I am assuming, if it finishes and not fail, then to RUN OD-Matrix, it will also take an additional 4-5 days to complete.

This is using a standard desktop ArcGis with 32gb RAM on 12 cores

Can anyone advise if there is an alternative to this 8-10 days process?

Is it simply increasing cpu/ram usage?

or alternate computer-configuration or spatial-functions (Distance/proximity?)

0 Kudos
3 Replies
MelindaMorang
Esri Regular Contributor

Happy to help with that.

I can't tell from my post whether you're using an OD Cost Matrix layer in Pro or using the arcpy.nax solver objects.  The arcpy.nax solver objects have some performance and memory management improvements that are not available with layers, so this is generally a better way to solve very large problems.

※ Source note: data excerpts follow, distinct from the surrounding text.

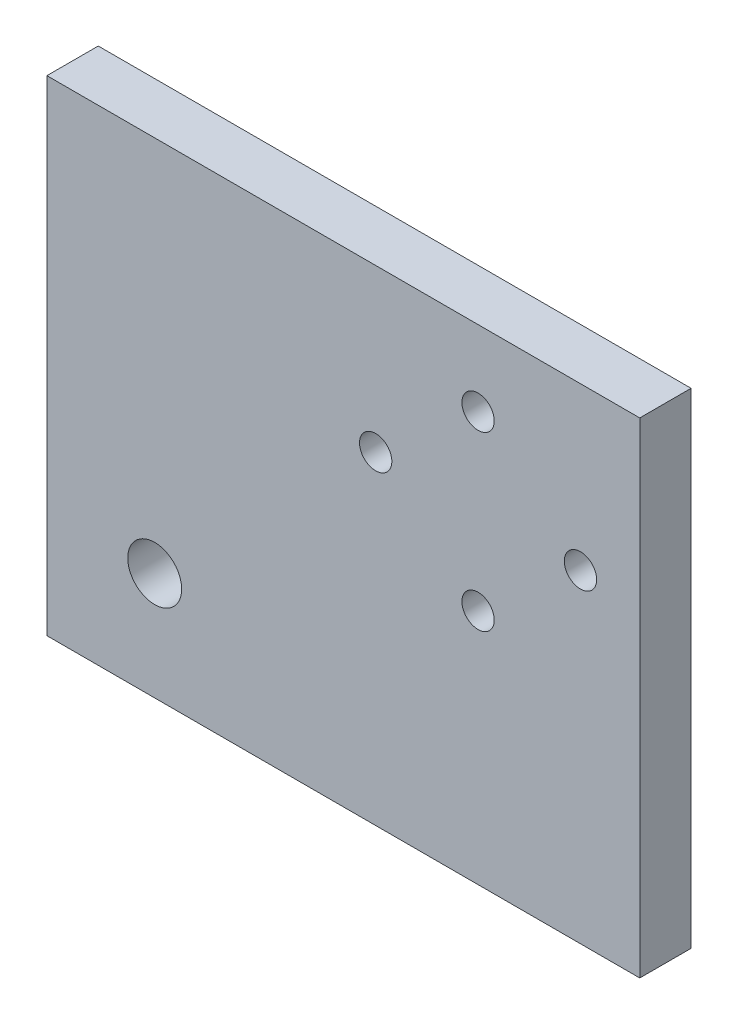
ISO-10303-21;
HEADER;
FILE_DESCRIPTION(('STEP AP214'),'2;1');
FILE_NAME('part.step','',(''),(''),'','','');
FILE_SCHEMA(('AUTOMOTIVE_DESIGN { 1 0 10303 214 1 1 1 1 }'));
ENDSEC;
DATA;
#1=APPLICATION_CONTEXT('core data for automotive mechanical design processes');
#2=APPLICATION_PROTOCOL_DEFINITION('international standard','automotive_design',2000,#1);
#3=PRODUCT_CONTEXT('',#1,'mechanical');
#4=PRODUCT('Part','Part','',(#3));
#5=PRODUCT_RELATED_PRODUCT_CATEGORY('part','',(#4));
#6=PRODUCT_DEFINITION_FORMATION('','',#4);
#7=PRODUCT_DEFINITION_CONTEXT('part definition',#1,'design');
#8=PRODUCT_DEFINITION('design','',#6,#7);
#9=PRODUCT_DEFINITION_SHAPE('','',#8);
#10=(LENGTH_UNIT() NAMED_UNIT(*) SI_UNIT(.MILLI.,.METRE.));
#11=(NAMED_UNIT(*) PLANE_ANGLE_UNIT() SI_UNIT($,.RADIAN.));
#12=(NAMED_UNIT(*) SI_UNIT($,.STERADIAN.) SOLID_ANGLE_UNIT());
#13=UNCERTAINTY_MEASURE_WITH_UNIT(LENGTH_MEASURE(1.E-05),#10,'distance_accuracy_value','');
#14=(GEOMETRIC_REPRESENTATION_CONTEXT(3) GLOBAL_UNCERTAINTY_ASSIGNED_CONTEXT((#13)) GLOBAL_UNIT_ASSIGNED_CONTEXT((#10,
#11,#12)) REPRESENTATION_CONTEXT('',''));
#15=CARTESIAN_POINT('',(0.,0.,0.));
#16=DIRECTION('',(0.,0.,1.));
#17=DIRECTION('',(1.,0.,0.));
#18=AXIS2_PLACEMENT_3D('',#15,#16,#17);
#19=CARTESIAN_POINT('',(0.,0.,4.7625));
#20=DIRECTION('',(0.,0.,-1.));
#21=DIRECTION('',(-1.,0.,0.));
#22=AXIS2_PLACEMENT_3D('',#19,#20,#21);
#23=PLANE('',#22);
#24=CARTESIAN_POINT('',(40.,38.,4.7625));
#25=DIRECTION('',(0.,0.,1.));
#26=DIRECTION('',(1.,0.,0.));
#27=AXIS2_PLACEMENT_3D('',#24,#25,#26);
#28=CIRCLE('',#27,1.5);
#29=CARTESIAN_POINT('',(38.5,38.,4.7625));
#30=VERTEX_POINT('',#29);
#31=EDGE_CURVE('E127',#30,#30,#28,.T.);
#32=ORIENTED_EDGE('',*,*,#31,.F.);
#33=EDGE_LOOP('',(#32));
#34=FACE_BOUND('',#33,.T.);
#35=CARTESIAN_POINT('',(30.5,30.,4.7625));
#36=DIRECTION('',(0.,0.,1.));
#37=DIRECTION('',(1.,0.,0.));
#38=AXIS2_PLACEMENT_3D('',#35,#36,#37);
#39=CIRCLE('',#38,1.50000000000001);
#40=CARTESIAN_POINT('',(29.,30.,4.7625));
#41=VERTEX_POINT('',#40);
#42=EDGE_CURVE('E115',#41,#41,#39,.T.);
#43=ORIENTED_EDGE('',*,*,#42,.F.);
#44=EDGE_LOOP('',(#43));
#45=FACE_BOUND('',#44,.T.);
#46=DIRECTION('',(0.,-1.,0.));
#47=VECTOR('',#46,1.);
#48=CARTESIAN_POINT('',(0.,0.,4.7625));
#49=LINE('',#48,#47);
#50=CARTESIAN_POINT('',(0.,45.,4.7625));
#51=VERTEX_POINT('',#50);
#52=CARTESIAN_POINT('',(0.,0.,4.7625));
#53=VERTEX_POINT('',#52);
#54=EDGE_CURVE('E85',#51,#53,#49,.T.);
#55=ORIENTED_EDGE('',*,*,#54,.T.);
#56=DIRECTION('',(1.,0.,0.));
#57=VECTOR('',#56,1.);
#58=CARTESIAN_POINT('',(0.,0.,4.7625));
#59=LINE('',#58,#57);
#60=CARTESIAN_POINT('',(55.,0.,4.7625));
#61=VERTEX_POINT('',#60);
#62=EDGE_CURVE('E80',#53,#61,#59,.T.);
#63=ORIENTED_EDGE('',*,*,#62,.T.);
#64=DIRECTION('',(0.,1.,0.));
#65=VECTOR('',#64,1.);
#66=CARTESIAN_POINT('',(55.,0.,4.7625));
#67=LINE('',#66,#65);
#68=CARTESIAN_POINT('',(55.,45.,4.7625));
#69=VERTEX_POINT('',#68);
#70=EDGE_CURVE('E83',#61,#69,#67,.T.);
#71=ORIENTED_EDGE('',*,*,#70,.T.);
#72=DIRECTION('',(-1.,0.,0.));
#73=VECTOR('',#72,1.);
#74=CARTESIAN_POINT('',(0.,45.,4.7625));
#75=LINE('',#74,#73);
#76=EDGE_CURVE('E50',#69,#51,#75,.T.);
#77=ORIENTED_EDGE('',*,*,#76,.T.);
#78=EDGE_LOOP('',(#55,#63,#71,#77));
#79=FACE_BOUND('',#78,.T.);
#80=CARTESIAN_POINT('',(10.,10.,4.7625));
#81=DIRECTION('',(0.,0.,1.));
#82=DIRECTION('',(1.,0.,0.));
#83=AXIS2_PLACEMENT_3D('',#80,#81,#82);
#84=CIRCLE('',#83,2.5);
#85=CARTESIAN_POINT('',(7.5,10.,4.7625));
#86=VERTEX_POINT('',#85);
#87=EDGE_CURVE('E100',#86,#86,#84,.T.);
#88=ORIENTED_EDGE('',*,*,#87,.F.);
#89=EDGE_LOOP('',(#88));
#90=FACE_BOUND('',#89,.T.);
#91=CARTESIAN_POINT('',(49.5,30.,4.7625));
#92=DIRECTION('',(0.,0.,1.));
#93=DIRECTION('',(1.,0.,0.));
#94=AXIS2_PLACEMENT_3D('',#91,#92,#93);
#95=CIRCLE('',#94,1.5);
#96=CARTESIAN_POINT('',(48.,30.,4.7625));
#97=VERTEX_POINT('',#96);
#98=EDGE_CURVE('E121',#97,#97,#95,.T.);
#99=ORIENTED_EDGE('',*,*,#98,.F.);
#100=EDGE_LOOP('',(#99));
#101=FACE_BOUND('',#100,.T.);
#102=CARTESIAN_POINT('',(40.,22.,4.7625));
#103=DIRECTION('',(0.,0.,1.));
#104=DIRECTION('',(1.,0.,0.));
#105=AXIS2_PLACEMENT_3D('',#102,#103,#104);
#106=CIRCLE('',#105,1.5);
#107=CARTESIAN_POINT('',(38.5,22.,4.7625));
#108=VERTEX_POINT('',#107);
#109=EDGE_CURVE('E133',#108,#108,#106,.T.);
#110=ORIENTED_EDGE('',*,*,#109,.F.);
#111=EDGE_LOOP('',(#110));
#112=FACE_BOUND('',#111,.T.);
#113=ADVANCED_FACE('F33',(#34,#45,#79,#90,#101,#112),#23,.F.);
#114=CARTESIAN_POINT('',(0.,0.,0.));
#115=DIRECTION('',(0.,0.,-1.));
#116=DIRECTION('',(-1.,0.,0.));
#117=AXIS2_PLACEMENT_3D('',#114,#115,#116);
#118=PLANE('',#117);
#119=CARTESIAN_POINT('',(40.,38.,0.));
#120=DIRECTION('',(0.,0.,1.));
#121=DIRECTION('',(1.,0.,0.));
#122=AXIS2_PLACEMENT_3D('',#119,#120,#121);
#123=CIRCLE('',#122,1.5);
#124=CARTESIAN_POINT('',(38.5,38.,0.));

You can also get some speed improvements by using a network dataset in a mobile geodatabase instead of a file geodatabase.  You can convert an unlicensed file geodatabase network dataset to mobile geodatabase using the Create Mobile Map Package tool and extracting the resulting package.

The easiest way to solve your very large problem might be to download our parallel OD cost matrix tool here: https://github.com/Esri/large-network-analysis-tools  There are also some resources included from past presentations at DevSummit that show some techniques to use to reduce the problem size.

peterweir
New Contributor II

Hi Melinda - many thanks for replying on what looks to be a good solution to my OD Matrix problem. 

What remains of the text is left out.